- [INPUT MATERIAL]:
================================

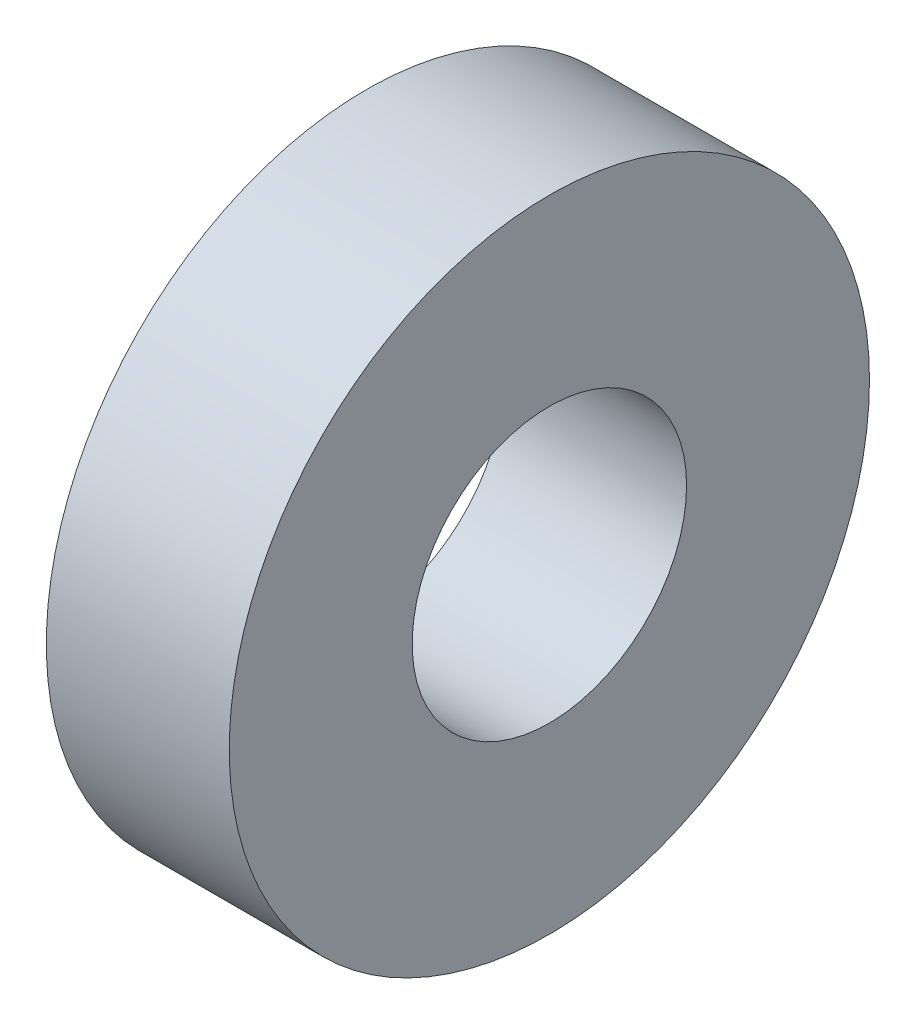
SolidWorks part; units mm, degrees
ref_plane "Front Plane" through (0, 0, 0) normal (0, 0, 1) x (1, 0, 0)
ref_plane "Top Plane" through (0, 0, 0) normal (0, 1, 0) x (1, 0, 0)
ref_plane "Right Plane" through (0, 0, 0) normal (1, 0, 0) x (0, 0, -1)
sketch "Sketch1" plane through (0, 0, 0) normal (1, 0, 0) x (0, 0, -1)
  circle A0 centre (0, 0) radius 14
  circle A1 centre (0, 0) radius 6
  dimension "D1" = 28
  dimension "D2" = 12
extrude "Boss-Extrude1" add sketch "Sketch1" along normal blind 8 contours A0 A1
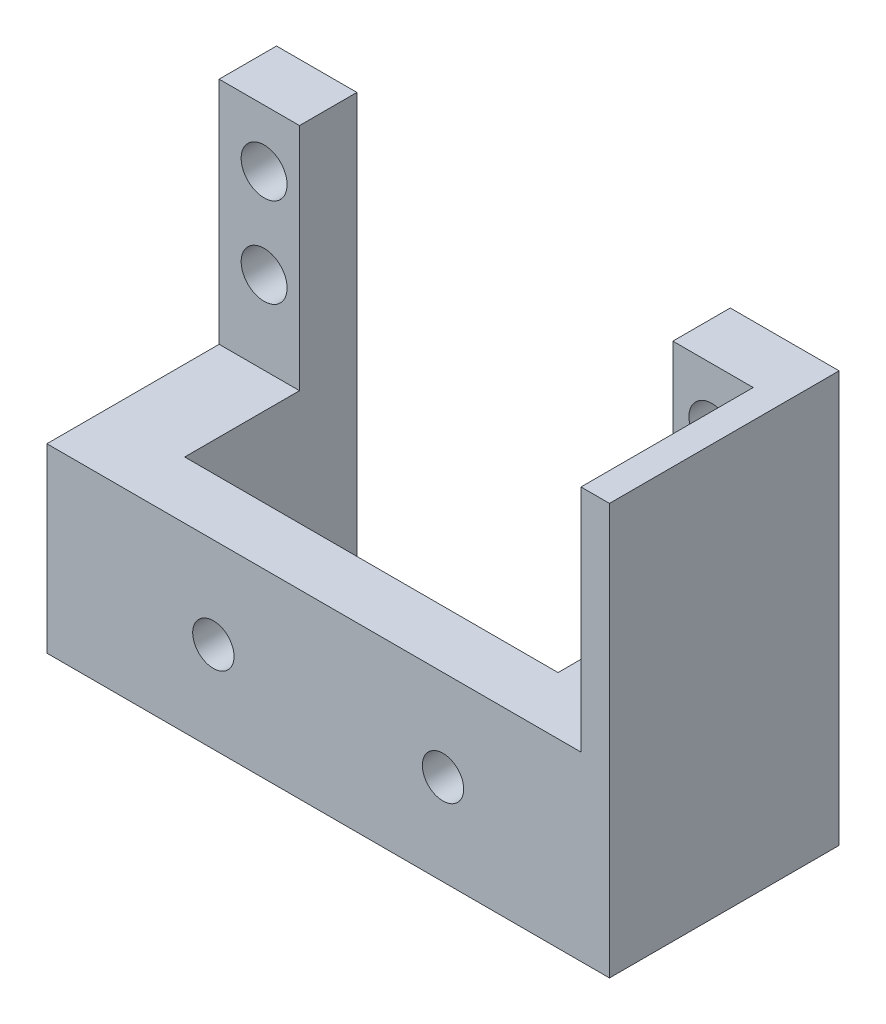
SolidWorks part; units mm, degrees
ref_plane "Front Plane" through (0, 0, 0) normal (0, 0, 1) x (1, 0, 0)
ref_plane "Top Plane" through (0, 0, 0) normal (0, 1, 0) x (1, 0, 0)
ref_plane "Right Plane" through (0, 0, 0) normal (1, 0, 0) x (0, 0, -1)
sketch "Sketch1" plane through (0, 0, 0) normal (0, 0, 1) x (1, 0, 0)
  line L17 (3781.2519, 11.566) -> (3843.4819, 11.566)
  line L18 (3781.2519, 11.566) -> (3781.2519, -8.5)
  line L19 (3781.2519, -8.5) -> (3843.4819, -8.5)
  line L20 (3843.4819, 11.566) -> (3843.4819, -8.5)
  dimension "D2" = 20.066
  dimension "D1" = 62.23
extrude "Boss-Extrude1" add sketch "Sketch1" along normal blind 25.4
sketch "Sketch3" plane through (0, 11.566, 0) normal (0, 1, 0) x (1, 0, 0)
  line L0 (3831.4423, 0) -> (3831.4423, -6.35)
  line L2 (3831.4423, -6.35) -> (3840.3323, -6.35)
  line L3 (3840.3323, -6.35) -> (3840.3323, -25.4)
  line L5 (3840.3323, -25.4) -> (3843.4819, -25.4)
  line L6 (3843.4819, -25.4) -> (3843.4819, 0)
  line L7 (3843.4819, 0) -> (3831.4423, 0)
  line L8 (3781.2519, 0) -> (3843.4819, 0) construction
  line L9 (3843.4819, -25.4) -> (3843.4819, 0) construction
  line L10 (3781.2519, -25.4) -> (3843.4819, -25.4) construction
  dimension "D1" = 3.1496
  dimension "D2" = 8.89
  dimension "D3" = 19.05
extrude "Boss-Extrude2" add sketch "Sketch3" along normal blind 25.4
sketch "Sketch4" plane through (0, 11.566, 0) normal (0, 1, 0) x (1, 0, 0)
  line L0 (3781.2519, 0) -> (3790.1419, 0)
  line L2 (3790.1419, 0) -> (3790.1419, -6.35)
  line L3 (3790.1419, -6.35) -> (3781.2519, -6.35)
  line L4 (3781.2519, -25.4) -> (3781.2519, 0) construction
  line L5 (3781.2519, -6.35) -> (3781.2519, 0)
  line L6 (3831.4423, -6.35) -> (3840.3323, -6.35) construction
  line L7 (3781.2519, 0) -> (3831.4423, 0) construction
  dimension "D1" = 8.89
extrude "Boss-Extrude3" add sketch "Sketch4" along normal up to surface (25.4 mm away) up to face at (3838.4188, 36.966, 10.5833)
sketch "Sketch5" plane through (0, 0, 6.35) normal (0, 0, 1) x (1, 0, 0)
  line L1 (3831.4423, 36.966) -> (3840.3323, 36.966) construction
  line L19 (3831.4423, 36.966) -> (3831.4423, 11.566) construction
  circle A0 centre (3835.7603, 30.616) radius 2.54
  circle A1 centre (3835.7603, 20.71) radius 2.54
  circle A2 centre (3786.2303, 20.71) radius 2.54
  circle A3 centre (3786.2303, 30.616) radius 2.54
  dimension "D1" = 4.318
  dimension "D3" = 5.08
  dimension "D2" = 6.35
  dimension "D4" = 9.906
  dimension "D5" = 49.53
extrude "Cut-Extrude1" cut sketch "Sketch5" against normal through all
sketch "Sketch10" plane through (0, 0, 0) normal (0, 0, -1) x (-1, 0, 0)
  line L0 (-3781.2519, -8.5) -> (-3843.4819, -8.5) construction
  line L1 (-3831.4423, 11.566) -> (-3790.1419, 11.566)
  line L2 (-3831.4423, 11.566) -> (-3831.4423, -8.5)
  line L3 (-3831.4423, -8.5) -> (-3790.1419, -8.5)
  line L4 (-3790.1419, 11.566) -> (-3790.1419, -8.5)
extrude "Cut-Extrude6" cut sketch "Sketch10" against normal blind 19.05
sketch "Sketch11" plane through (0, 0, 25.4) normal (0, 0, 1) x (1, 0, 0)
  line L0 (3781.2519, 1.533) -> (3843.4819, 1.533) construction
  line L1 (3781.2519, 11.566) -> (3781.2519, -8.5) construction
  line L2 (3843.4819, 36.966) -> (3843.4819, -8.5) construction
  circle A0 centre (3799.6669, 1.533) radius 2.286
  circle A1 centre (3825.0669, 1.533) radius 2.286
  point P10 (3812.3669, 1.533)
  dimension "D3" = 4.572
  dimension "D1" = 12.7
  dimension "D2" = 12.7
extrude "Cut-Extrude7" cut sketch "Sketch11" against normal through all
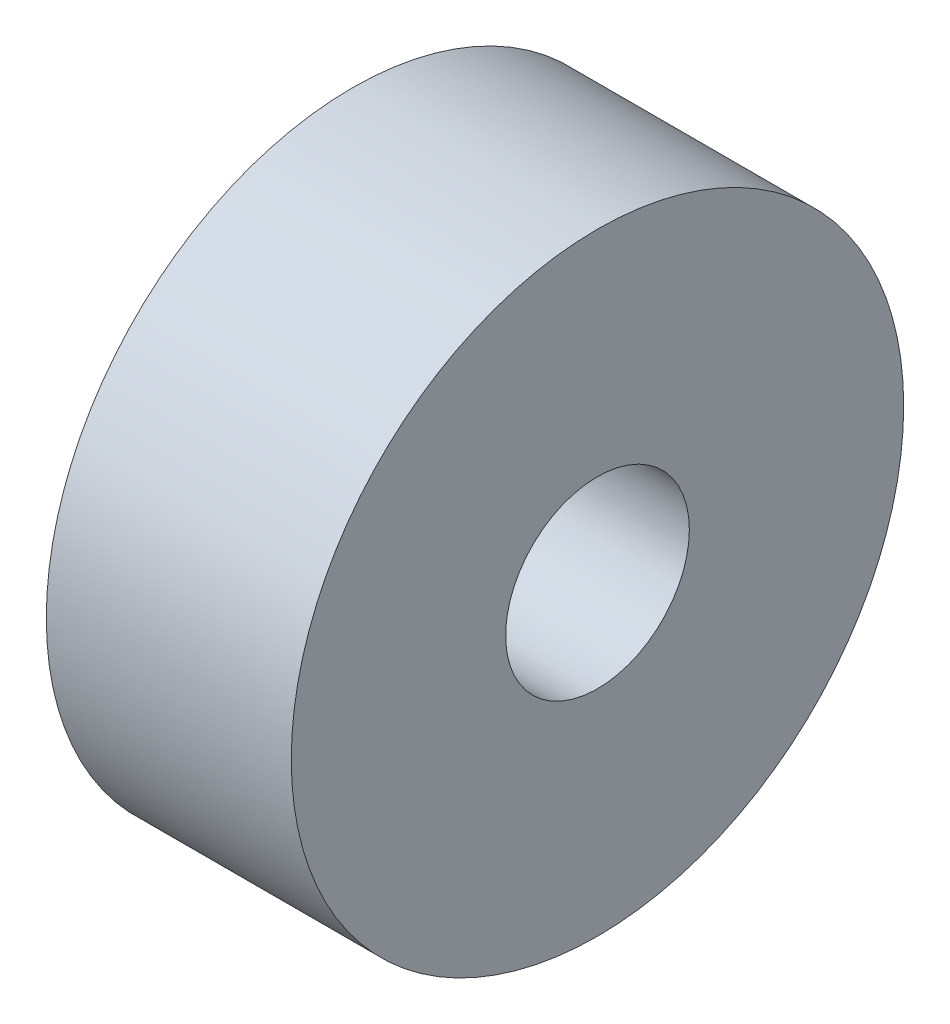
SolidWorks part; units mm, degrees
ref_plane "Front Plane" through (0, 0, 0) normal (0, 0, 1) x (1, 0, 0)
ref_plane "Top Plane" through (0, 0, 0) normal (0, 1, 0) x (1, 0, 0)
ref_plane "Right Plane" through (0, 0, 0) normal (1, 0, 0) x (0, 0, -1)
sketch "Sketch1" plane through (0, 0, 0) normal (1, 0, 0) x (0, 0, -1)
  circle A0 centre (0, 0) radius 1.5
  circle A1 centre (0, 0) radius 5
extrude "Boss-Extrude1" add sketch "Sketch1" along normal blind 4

================================

- [TASK ITEM]:
From the records above, transcribe exactly the run of lines that opens with the line holding "line L3 (3790.1419, -6.35)" and closes with the line holding "line L2 (-3831.4423, 11.566)", both included.

- [RESPONSE TO THIS TASK]:
  line L3 (3790.1419, -6.35) -> (3781.2519, -6.35)
  line L4 (3781.2519, -25.4) -> (3781.2519, 0) construction
  line L5 (3781.2519, -6.35) -> (3781.2519, 0)
  line L6 (3831.4423, -6.35) -> (3840.3323, -6.35) construction
  line L7 (3781.2519, 0) -> (3831.4423, 0) construction
  dimension "D1" = 8.89
extrude "Boss-Extrude3" add sketch "Sketch4" along normal up to surface (25.4 mm away) up to face at (3838.4188, 36.966, 10.5833)
sketch "Sketch5" plane through (0, 0, 6.35) normal (0, 0, 1) x (1, 0, 0)
  line L1 (3831.4423, 36.966) -> (3840.3323, 36.966) construction
  line L19 (3831.4423, 36.966) -> (3831.4423, 11.566) construction
  circle A0 centre (3835.7603, 30.616) radius 2.54
  circle A1 centre (3835.7603, 20.71) radius 2.54
  circle A2 centre (3786.2303, 20.71) radius 2.54
  circle A3 centre (3786.2303, 30.616) radius 2.54
  dimension "D1" = 4.318
  dimension "D3" = 5.08
  dimension "D2" = 6.35
  dimension "D4" = 9.906
  dimension "D5" = 49.53
extrude "Cut-Extrude1" cut sketch "Sketch5" against normal through all
sketch "Sketch10" plane through (0, 0, 0) normal (0, 0, -1) x (-1, 0, 0)
  line L0 (-3781.2519, -8.5) -> (-3843.4819, -8.5) construction
  line L1 (-3831.4423, 11.566) -> (-3790.1419, 11.566)
  line L2 (-3831.4423, 11.566) -> (-3831.4423, -8.5)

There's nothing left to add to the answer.